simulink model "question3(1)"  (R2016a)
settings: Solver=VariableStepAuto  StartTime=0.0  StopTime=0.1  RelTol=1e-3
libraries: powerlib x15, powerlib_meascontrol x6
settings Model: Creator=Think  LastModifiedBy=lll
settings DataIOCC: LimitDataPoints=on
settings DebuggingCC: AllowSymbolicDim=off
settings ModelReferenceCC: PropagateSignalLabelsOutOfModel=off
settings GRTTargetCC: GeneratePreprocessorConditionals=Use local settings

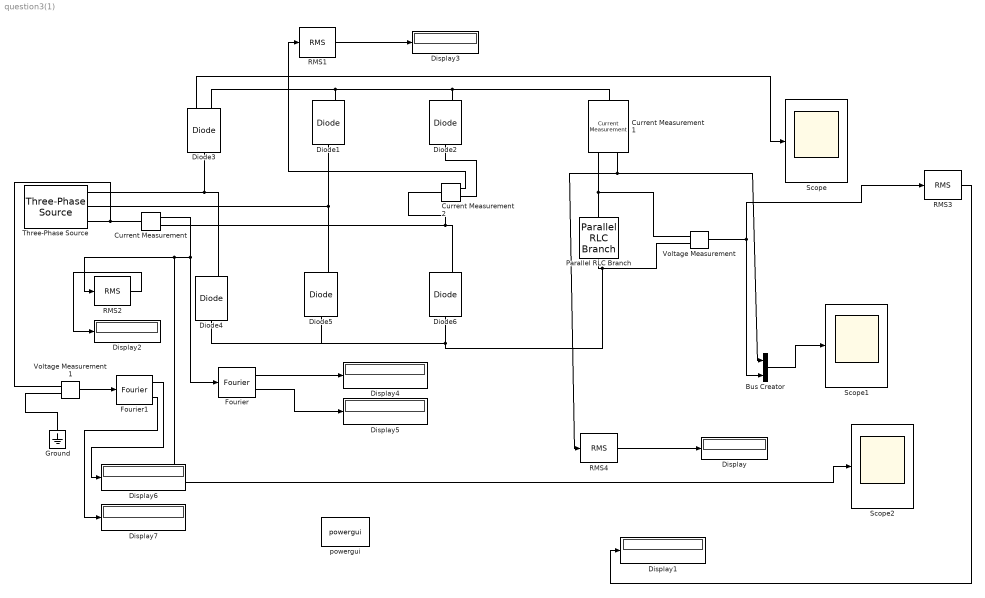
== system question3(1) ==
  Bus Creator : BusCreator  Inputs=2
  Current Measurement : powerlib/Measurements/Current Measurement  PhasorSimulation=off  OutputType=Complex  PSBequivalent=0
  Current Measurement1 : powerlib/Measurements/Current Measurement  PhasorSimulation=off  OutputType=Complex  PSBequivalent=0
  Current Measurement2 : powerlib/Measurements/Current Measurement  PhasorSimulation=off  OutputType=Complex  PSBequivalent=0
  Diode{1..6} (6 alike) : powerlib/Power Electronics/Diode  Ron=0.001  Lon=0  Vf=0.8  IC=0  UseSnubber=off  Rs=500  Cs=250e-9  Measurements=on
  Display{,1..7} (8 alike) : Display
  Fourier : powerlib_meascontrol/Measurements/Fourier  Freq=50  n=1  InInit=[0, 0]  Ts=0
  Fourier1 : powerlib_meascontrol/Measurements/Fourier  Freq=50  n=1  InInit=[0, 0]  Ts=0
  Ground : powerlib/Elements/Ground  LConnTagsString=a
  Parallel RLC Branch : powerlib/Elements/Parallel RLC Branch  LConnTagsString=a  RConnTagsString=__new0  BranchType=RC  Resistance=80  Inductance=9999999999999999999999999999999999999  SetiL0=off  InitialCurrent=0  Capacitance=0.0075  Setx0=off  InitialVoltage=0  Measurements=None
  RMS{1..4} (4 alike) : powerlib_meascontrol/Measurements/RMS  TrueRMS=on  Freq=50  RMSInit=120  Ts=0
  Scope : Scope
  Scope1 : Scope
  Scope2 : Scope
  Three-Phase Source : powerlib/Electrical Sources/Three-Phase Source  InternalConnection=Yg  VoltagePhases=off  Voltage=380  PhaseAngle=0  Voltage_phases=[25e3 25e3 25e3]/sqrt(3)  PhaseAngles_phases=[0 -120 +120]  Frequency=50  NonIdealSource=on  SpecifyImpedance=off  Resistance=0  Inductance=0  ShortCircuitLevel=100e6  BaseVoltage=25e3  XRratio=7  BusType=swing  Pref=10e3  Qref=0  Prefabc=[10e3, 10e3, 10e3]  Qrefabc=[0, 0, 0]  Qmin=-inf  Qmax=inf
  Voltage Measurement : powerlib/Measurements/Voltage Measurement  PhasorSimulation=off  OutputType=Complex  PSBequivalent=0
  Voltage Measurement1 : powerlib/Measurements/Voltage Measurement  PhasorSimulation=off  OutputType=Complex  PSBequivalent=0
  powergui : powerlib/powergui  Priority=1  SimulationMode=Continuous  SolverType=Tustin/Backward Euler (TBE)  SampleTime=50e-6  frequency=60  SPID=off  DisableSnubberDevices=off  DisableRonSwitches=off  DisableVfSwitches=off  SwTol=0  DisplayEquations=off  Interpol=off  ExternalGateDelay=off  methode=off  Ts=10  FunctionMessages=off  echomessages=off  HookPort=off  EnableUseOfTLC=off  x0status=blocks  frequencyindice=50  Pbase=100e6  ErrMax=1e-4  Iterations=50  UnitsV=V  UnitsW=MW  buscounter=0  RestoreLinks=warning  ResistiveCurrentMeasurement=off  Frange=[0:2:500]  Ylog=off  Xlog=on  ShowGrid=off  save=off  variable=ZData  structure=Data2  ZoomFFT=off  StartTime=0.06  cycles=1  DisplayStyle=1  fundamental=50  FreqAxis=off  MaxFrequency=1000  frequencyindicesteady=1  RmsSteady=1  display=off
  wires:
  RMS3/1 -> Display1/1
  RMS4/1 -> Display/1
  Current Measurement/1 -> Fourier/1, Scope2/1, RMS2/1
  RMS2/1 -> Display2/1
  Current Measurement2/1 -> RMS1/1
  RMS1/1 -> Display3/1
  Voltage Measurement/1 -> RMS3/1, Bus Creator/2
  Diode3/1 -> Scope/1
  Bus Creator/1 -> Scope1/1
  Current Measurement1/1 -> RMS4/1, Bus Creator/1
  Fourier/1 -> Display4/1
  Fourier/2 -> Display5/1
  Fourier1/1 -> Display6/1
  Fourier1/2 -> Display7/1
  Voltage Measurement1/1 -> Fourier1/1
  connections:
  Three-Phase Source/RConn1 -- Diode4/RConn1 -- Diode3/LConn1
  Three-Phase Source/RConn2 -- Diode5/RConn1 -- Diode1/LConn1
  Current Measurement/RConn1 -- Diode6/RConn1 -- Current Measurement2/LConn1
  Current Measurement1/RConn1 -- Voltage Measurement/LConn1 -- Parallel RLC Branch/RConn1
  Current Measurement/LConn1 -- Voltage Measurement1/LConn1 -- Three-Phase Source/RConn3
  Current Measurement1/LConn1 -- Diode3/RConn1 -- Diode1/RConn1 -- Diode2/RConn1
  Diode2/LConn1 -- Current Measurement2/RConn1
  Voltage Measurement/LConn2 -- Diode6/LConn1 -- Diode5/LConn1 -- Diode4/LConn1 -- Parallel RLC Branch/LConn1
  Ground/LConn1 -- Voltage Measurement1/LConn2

#####

_WHAT YOU NEED TO DO_
Please copy, exactly as written, every line in the listing above from the line with "Fourier1 : powerlib_meascontrol/Measurements/Fourier" up to and including the line with "Voltage Measurement1 : powerlib/Measurements/Voltage".

_FINISHED TASK_
  Fourier1 : powerlib_meascontrol/Measurements/Fourier  Freq=50  n=1  InInit=[0, 0]  Ts=0
  Ground : powerlib/Elements/Ground  LConnTagsString=a
  Parallel RLC Branch : powerlib/Elements/Parallel RLC Branch  LConnTagsString=a  RConnTagsString=__new0  BranchType=RC  Resistance=80  Inductance=9999999999999999999999999999999999999  SetiL0=off  InitialCurrent=0  Capacitance=0.0075  Setx0=off  InitialVoltage=0  Measurements=None
  RMS{1..4} (4 alike) : powerlib_meascontrol/Measurements/RMS  TrueRMS=on  Freq=50  RMSInit=120  Ts=0
  Scope : Scope
  Scope1 : Scope
  Scope2 : Scope
  Three-Phase Source : powerlib/Electrical Sources/Three-Phase Source  InternalConnection=Yg  VoltagePhases=off  Voltage=380  PhaseAngle=0  Voltage_phases=[25e3 25e3 25e3]/sqrt(3)  PhaseAngles_phases=[0 -120 +120]  Frequency=50  NonIdealSource=on  SpecifyImpedance=off  Resistance=0  Inductance=0  ShortCircuitLevel=100e6  BaseVoltage=25e3  XRratio=7  BusType=swing  Pref=10e3  Qref=0  Prefabc=[10e3, 10e3, 10e3]  Qrefabc=[0, 0, 0]  Qmin=-inf  Qmax=inf
  Voltage Measurement : powerlib/Measurements/Voltage Measurement  PhasorSimulation=off  OutputType=Complex  PSBequivalent=0
  Voltage Measurement1 : powerlib/Measurements/Voltage Measurement  PhasorSimulation=off  OutputType=Complex  PSBequivalent=0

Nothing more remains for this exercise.